# [solved]PHP ,MySQL möglichst minimal

## derflo

Hallo

Also ich brauche PHP , MySQL und ein Frontend für MySQL, wo man auch SQL Abfragen ausführen kann.

Außerdem einen Webserver damit die die PHP Scripts Testen kann.

Da es nur für die Schule ist, will ich nicht Apache installieren, ich möchte nur das nötigste.

Könnt ihr mir da etwas empfehlen?  Lieber ein Komplettpacket  (Xampp) oder alles einzeln Installieren?

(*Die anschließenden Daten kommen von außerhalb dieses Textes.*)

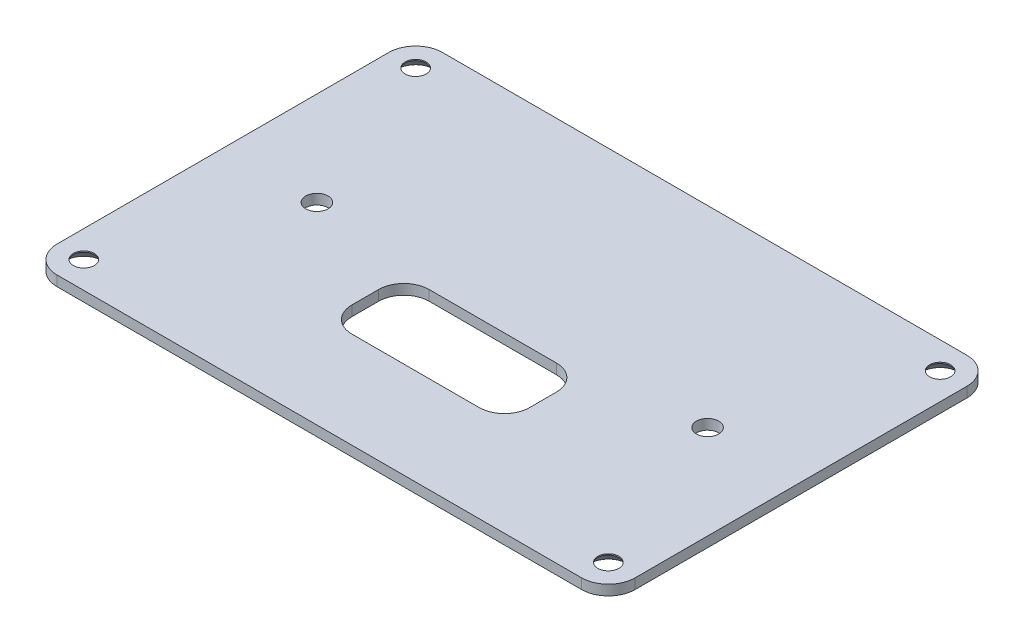
ISO-10303-21;
HEADER;
FILE_DESCRIPTION(('STEP AP214'),'2;1');
FILE_NAME('part.step','',(''),(''),'','','');
FILE_SCHEMA(('AUTOMOTIVE_DESIGN { 1 0 10303 214 1 1 1 1 }'));
ENDSEC;
DATA;
#1=APPLICATION_CONTEXT('core data for automotive mechanical design processes');
#2=APPLICATION_PROTOCOL_DEFINITION('international standard','automotive_design',2000,#1);
#3=PRODUCT_CONTEXT('',#1,'mechanical');
#4=PRODUCT('Part','Part','',(#3));
#5=PRODUCT_RELATED_PRODUCT_CATEGORY('part','',(#4));
#6=PRODUCT_DEFINITION_FORMATION('','',#4);
#7=PRODUCT_DEFINITION_CONTEXT('part definition',#1,'design');
#8=PRODUCT_DEFINITION('design','',#6,#7);
#9=PRODUCT_DEFINITION_SHAPE('','',#8);
#10=(LENGTH_UNIT() NAMED_UNIT(*) SI_UNIT(.MILLI.,.METRE.));
#11=(NAMED_UNIT(*) PLANE_ANGLE_UNIT() SI_UNIT($,.RADIAN.));
#12=(NAMED_UNIT(*) SI_UNIT($,.STERADIAN.) SOLID_ANGLE_UNIT());
#13=UNCERTAINTY_MEASURE_WITH_UNIT(LENGTH_MEASURE(1.E-05),#10,'distance_accuracy_value','');
#14=(GEOMETRIC_REPRESENTATION_CONTEXT(3) GLOBAL_UNCERTAINTY_ASSIGNED_CONTEXT((#13)) GLOBAL_UNIT_ASSIGNED_CONTEXT((#10,
#11,#12)) REPRESENTATION_CONTEXT('',''));
#15=CARTESIAN_POINT('',(0.,0.,0.));
#16=DIRECTION('',(0.,0.,1.));
#17=DIRECTION('',(1.,0.,0.));
#18=AXIS2_PLACEMENT_3D('',#15,#16,#17);
#19=CARTESIAN_POINT('',(-40.8250000000001,1.5875,-25.8250000000001));
#20=DIRECTION('',(0.,1.,0.));
#21=DIRECTION('',(0.,0.,1.));
#22=AXIS2_PLACEMENT_3D('',#19,#20,#21);
#23=PLANE('',#22);
#24=CARTESIAN_POINT('',(30.382,1.5875,-0.0614872263166575));
#25=DIRECTION('',(0.,-1.,0.));
#26=DIRECTION('',(0.,0.,-1.));
#27=AXIS2_PLACEMENT_3D('',#24,#25,#26);
#28=CIRCLE('',#27,1.7399);
#29=CARTESIAN_POINT('',(30.382,1.5875,-1.80138722631666));
#30=VERTEX_POINT('',#29);
#31=EDGE_CURVE('E427',#30,#30,#28,.T.);
#32=ORIENTED_EDGE('',*,*,#31,.T.);
#33=EDGE_LOOP('',(#32));
#34=FACE_BOUND('',#33,.T.);
#35=CARTESIAN_POINT('',(-30.3819999999999,1.5875,-0.00901752783329522));
#36=DIRECTION('',(0.,-1.,0.));
#37=DIRECTION('',(0.,0.,-1.));
#38=AXIS2_PLACEMENT_3D('',#35,#36,#37);
#39=CIRCLE('',#38,1.7399);
#40=CARTESIAN_POINT('',(-30.3819999999999,1.5875,-1.7489175278333));
#41=VERTEX_POINT('',#40);
#42=EDGE_CURVE('E423',#41,#41,#39,.T.);
#43=ORIENTED_EDGE('',*,*,#42,.T.);
#44=EDGE_LOOP('',(#43));
#45=FACE_BOUND('',#44,.T.);
#46=CARTESIAN_POINT('',(-40.8250000000001,1.5875,-25.8250000000001));
#47=DIRECTION('',(0.,-1.,0.));
#48=DIRECTION('',(0.,0.,-1.));
#49=AXIS2_PLACEMENT_3D('',#46,#47,#48);
#50=CIRCLE('',#49,1.63195);
#51=CARTESIAN_POINT('',(-40.8250000000001,1.5875,-27.4569500000001));
#52=VERTEX_POINT('',#51);
#53=EDGE_CURVE('E405',#52,#52,#50,.T.);
#54=ORIENTED_EDGE('',*,*,#53,.T.);
#55=EDGE_LOOP('',(#54));
#56=FACE_BOUND('',#55,.T.);
#57=CARTESIAN_POINT('',(40.8250000000001,1.5875,25.8250000000001));
#58=DIRECTION('',(0.,-1.,0.));
#59=DIRECTION('',(0.,0.,-1.));
#60=AXIS2_PLACEMENT_3D('',#57,#58,#59);
#61=CIRCLE('',#60,1.63195);
#62=CARTESIAN_POINT('',(40.8250000000001,1.5875,24.1930500000001));
#63=VERTEX_POINT('',#62);
#64=EDGE_CURVE('E394',#63,#63,#61,.T.);
#65=ORIENTED_EDGE('',*,*,#64,.T.);
#66=EDGE_LOOP('',(#65));
#67=FACE_BOUND('',#66,.T.);
#68=CARTESIAN_POINT('',(40.8250000000001,1.5875,-25.8250000000001));
#69=DIRECTION('',(0.,-1.,0.));
#70=DIRECTION('',(0.,0.,-1.));
#71=AXIS2_PLACEMENT_3D('',#68,#69,#70);
#72=CIRCLE('',#71,1.63195);
#73=CARTESIAN_POINT('',(40.8250000000001,1.5875,-27.4569500000001));
#74=VERTEX_POINT('',#73);
#75=EDGE_CURVE('E181',#74,#74,#72,.T.);
#76=ORIENTED_EDGE('',*,*,#75,.T.);
#77=EDGE_LOOP('',(#76));
#78=FACE_BOUND('',#77,.T.);
#79=CARTESIAN_POINT('',(-9.90600000000007,1.5875,6.92461449189326));
#80=DIRECTION('',(0.,-1.,0.));
#81=DIRECTION('',(0.,0.,-1.));
#82=AXIS2_PLACEMENT_3D('',#79,#80,#81);
#83=CIRCLE('',#82,3.929);
#84=CARTESIAN_POINT('',(-13.8350000000001,1.5875,6.92461449288326));
#85=VERTEX_POINT('',#84);
#86=CARTESIAN_POINT('',(-9.90599999792557,1.5875,2.99561449189324));
#87=VERTEX_POINT('',#86);
#88=EDGE_CURVE('E159',#85,#87,#83,.T.);
#89=ORIENTED_EDGE('',*,*,#88,.T.);
#90=DIRECTION('',(1.,0.,0.));
#91=VECTOR('',#90,1.);
#92=CARTESIAN_POINT('',(-9.90599999792557,1.5875,2.99561449189324));
#93=LINE('',#92,#91);
#94=CARTESIAN_POINT('',(9.9059999999467,1.5875,2.99561449189177));
#95=VERTEX_POINT('',#94);
#96=EDGE_CURVE('E168',#87,#95,#93,.T.);
#97=ORIENTED_EDGE('',*,*,#96,.T.);
#98=CARTESIAN_POINT('',(9.90599999999999,1.5875,6.92461449189326));
#99=DIRECTION('',(0.,-1.,0.));
#100=DIRECTION('',(0.,0.,-1.));
#101=AXIS2_PLACEMENT_3D('',#98,#99,#100);
#102=CIRCLE('',#101,3.92900000000074);
#103=CARTESIAN_POINT('',(13.835,1.5875,6.92461449208851));
#104=VERTEX_POINT('',#103);
#105=EDGE_CURVE('E59',#95,#104,#102,.T.);
#106=ORIENTED_EDGE('',*,*,#105,.T.);
#107=DIRECTION('',(0.,0.,1.));
#108=VECTOR('',#107,1.);
#109=CARTESIAN_POINT('',(13.835,1.5875,6.92461449208851));
#110=LINE('',#109,#108);
#111=CARTESIAN_POINT('',(13.835,1.5875,11.0902144920402));
#112=VERTEX_POINT('',#111);
#113=EDGE_CURVE('E185',#104,#112,#110,.T.);
#114=ORIENTED_EDGE('',*,*,#113,.T.);
#115=CARTESIAN_POINT('',(9.90599999999999,1.5875,11.0902144918933));
#116=DIRECTION('',(0.,-1.,0.));
#117=DIRECTION('',(0.,0.,-1.));
#118=AXIS2_PLACEMENT_3D('',#115,#116,#117);
#119=CIRCLE('',#118,3.929);
#120=CARTESIAN_POINT('',(9.905999999399,1.5875,15.0192144918933));
#121=VERTEX_POINT('',#120);
#122=EDGE_CURVE('E188',#112,#121,#119,.T.);
#123=ORIENTED_EDGE('',*,*,#122,.T.);
#124=DIRECTION('',(-1.,0.,0.));
#125=VECTOR('',#124,1.);
#126=CARTESIAN_POINT('',(-9.90599999794791,1.5875,15.0192144918933));
#127=LINE('',#126,#125);
#128=CARTESIAN_POINT('',(-9.90599999794791,1.5875,15.0192144918933));
#129=VERTEX_POINT('',#128);
#130=EDGE_CURVE('E191',#121,#129,#127,.T.);
#131=ORIENTED_EDGE('',*,*,#130,.T.);
#132=CARTESIAN_POINT('',(-9.90600000000007,1.5875,11.0902144918933));
#133=DIRECTION('',(0.,-1.,0.));
#134=DIRECTION('',(0.,0.,-1.));
#135=AXIS2_PLACEMENT_3D('',#132,#133,#134);
#136=CIRCLE('',#135,3.929);
#137=CARTESIAN_POINT('',(-13.8350000000001,1.5875,11.0902144916973));
#138=VERTEX_POINT('',#137);
#139=EDGE_CURVE('E194',#129,#138,#136,.T.);
#140=ORIENTED_EDGE('',*,*,#139,.T.);
#141=DIRECTION('',(0.,0.,-1.));
#142=VECTOR('',#141,1.);
#143=CARTESIAN_POINT('',(-13.8350000000001,1.5875,6.92461449288326));
#144=LINE('',#143,#142);
#145=EDGE_CURVE('E165',#138,#85,#144,.T.);
#146=ORIENTED_EDGE('',*,*,#145,.T.);
#147=EDGE_LOOP('',(#89,#97,#106,#114,#123,#131,#140,#146));
#148=FACE_BOUND('',#147,.T.);
#149=CARTESIAN_POINT('',(-40.8250000000001,1.5875,-25.8250000000001));
#150=DIRECTION('',(0.,1.,0.));
#151=DIRECTION('',(0.,0.,1.));
#152=AXIS2_PLACEMENT_3D('',#149,#150,#151);
#153=CIRCLE('',#152,4.17499999999999);
#154=CARTESIAN_POINT('',(-40.8250000000001,1.5875,-30.0000000000001));
#155=VERTEX_POINT('',#154);
#156=CARTESIAN_POINT('',(-45.0000000000001,1.5875,-25.8250000000001));
#157=VERTEX_POINT('',#156);
#158=EDGE_CURVE('E228',#155,#157,#153,.T.);
#159=ORIENTED_EDGE('',*,*,#158,.T.);
#160=DIRECTION('',(0.,0.,1.));
#161=VECTOR('',#160,1.);
#162=CARTESIAN_POINT('',(-45.0000000000001,1.5875,-25.8250000000001));
#163=LINE('',#162,#161);
#164=CARTESIAN_POINT('',(-45.0000000000001,1.5875,25.8250000000001));
#165=VERTEX_POINT('',#164);
#166=EDGE_CURVE('E231',#157,#165,#163,.T.);
#167=ORIENTED_EDGE('',*,*,#166,.T.);
#168=CARTESIAN_POINT('',(-40.8250000000001,1.5875,25.8250000000001));
#169=DIRECTION('',(0.,1.,0.));
#170=DIRECTION('',(0.,0.,1.));
#171=AXIS2_PLACEMENT_3D('',#168,#169,#170);
#172=CIRCLE('',#171,4.17500000000001);
#173=CARTESIAN_POINT('',(-40.8250000000001,1.5875,30.0000000000001));
#174=VERTEX_POINT('',#173);
#175=EDGE_CURVE('E234',#165,#174,#172,.T.);
#176=ORIENTED_EDGE('',*,*,#175,.T.);
#177=DIRECTION('',(1.,0.,0.));
#178=VECTOR('',#177,1.);
#179=CARTESIAN_POINT('',(-40.8250000000001,1.5875,30.0000000000001));
#180=LINE('',#179,#178);
#181=CARTESIAN_POINT('',(40.8250000000001,1.5875,30.0000000000001));
#182=VERTEX_POINT('',#181);
#183=EDGE_CURVE('E236',#174,#182,#180,.T.);
#184=ORIENTED_EDGE('',*,*,#183,.T.);
#185=CARTESIAN_POINT('',(40.8250000000001,1.5875,25.8250000000001));
#186=DIRECTION('',(0.,1.,0.));
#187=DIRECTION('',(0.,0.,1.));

Außerdem sollen die dienste nur für einen Bestimmten Nutzer laufen, geht das?Last edited by derflo on Mon Jan 16, 2006 2:22 pm; edited 2 times in total

----------

## slick

 *derflo wrote:*   

> Hallo

 

Hi.

 *derflo wrote:*   

> Also ich brauche PHP , MySQL und ein Frontend für MySQL, wo man auch SQL Abfragen ausführen kann.

 

Ich nehme mal an als Webfrontend, dann PhpMyAdmin.

 *derflo wrote:*   

> Außerdem einen Webserver damit die die PHP Scripts Testen kann.
> 
> Da es nur für die Schule ist, will ich nicht Apache installieren, ich möchte nur das nötigste.

 

Also da kann ich nur zu Apache raten. Wenn Du was relativ exotisches nimmst kann es passieren Du bekommst Probleme mit der PHP-Integration da oder Du testest Deine PHP-Scripte praxis-fern, da ja "draußen" überwiegend Apache zum Einsatz kommt.

 *Quote:*   

> Könnt ihr mir da etwas empfehlen?  Lieber ein Komplettpacet  (Xampp) oder alles einzeln Installieren?

 

Irgendwie negierst Du Deine vorherige Aussage, Xampp beinhaltet ja auch Apache. Zwar AFAIK nicht mehr ganz up-to-date, aber schau mal hier: https://forums.gentoo.org/viewtopic-t-321442.html Ich denke Apache ist am einsteigerfreundlichsten, außerdem ich mir nicht bekannt dass es ein Xampp-Ebuild für Gentoo gibt, das würde ja auch die Vorteile von Gentoo zunichte machen.

 *derflo wrote:*   

> Außerdem sollen die dienste nur für einen Bestimmten Nutzer laufen, geht das?

 

Also Du mußt unterscheiden, sollen die Dienste nur unter einem bestimmten Account laufen (meist grober Unfug) oder soll nur jemand bestimmtes darauf zugreifen können. Ich nehme an Du meinst letztes. Unter Apache kann man sehr fein konfigurieren wer und von wo aus auf diesen zugreifen darf. Am besten Apache-Doku lesen oder im Zweifelsfall hier nochmal fragen.

----------

## derflo

OK Danke

Das hat meine Fragen schon mal beantwortet.

Eine hätt ich noch:

Ich kann doch ohne Probleme PHP5 dazuinstallieren oder?

----------

## slick

Jo... ich meine da gibts auch im Forum und/oder im Wiki eine HowTo (o.ä.) für die Parallelinstallation. Wenn Du mal suchst findest bestimmt recht nützliche Sachen.

----------

## Hilefoks

http://svn.gnqs.org/projects/gentoo-php-overlay/file/docs/php4-php5-configuration.html?format=raw

----------

## STiGMaTa_ch

 *derflo wrote:*   

> Also ich brauche PHP , MySQL und ein Frontend für MySQL, wo man auch SQL Abfragen ausführen kann. [...]Außerdem einen Webserver[...]will ich nicht Apache installieren

 

Naja, also dann würde ich es mal mit folgender Konstellation probieren:

Als Server könntest du es mit mini_httpd (www-servers/mini_httpd) versuchen. Das PHP musst du dort via CGI einbinden (was natürlich Performance Verlust bedeutet) (dev-php/php-cgi). Als Datenbank kannst du anstelle von MySql einfach Sqlite benutzen (dev-db/sqlite dazu dev-php/sqlite-php).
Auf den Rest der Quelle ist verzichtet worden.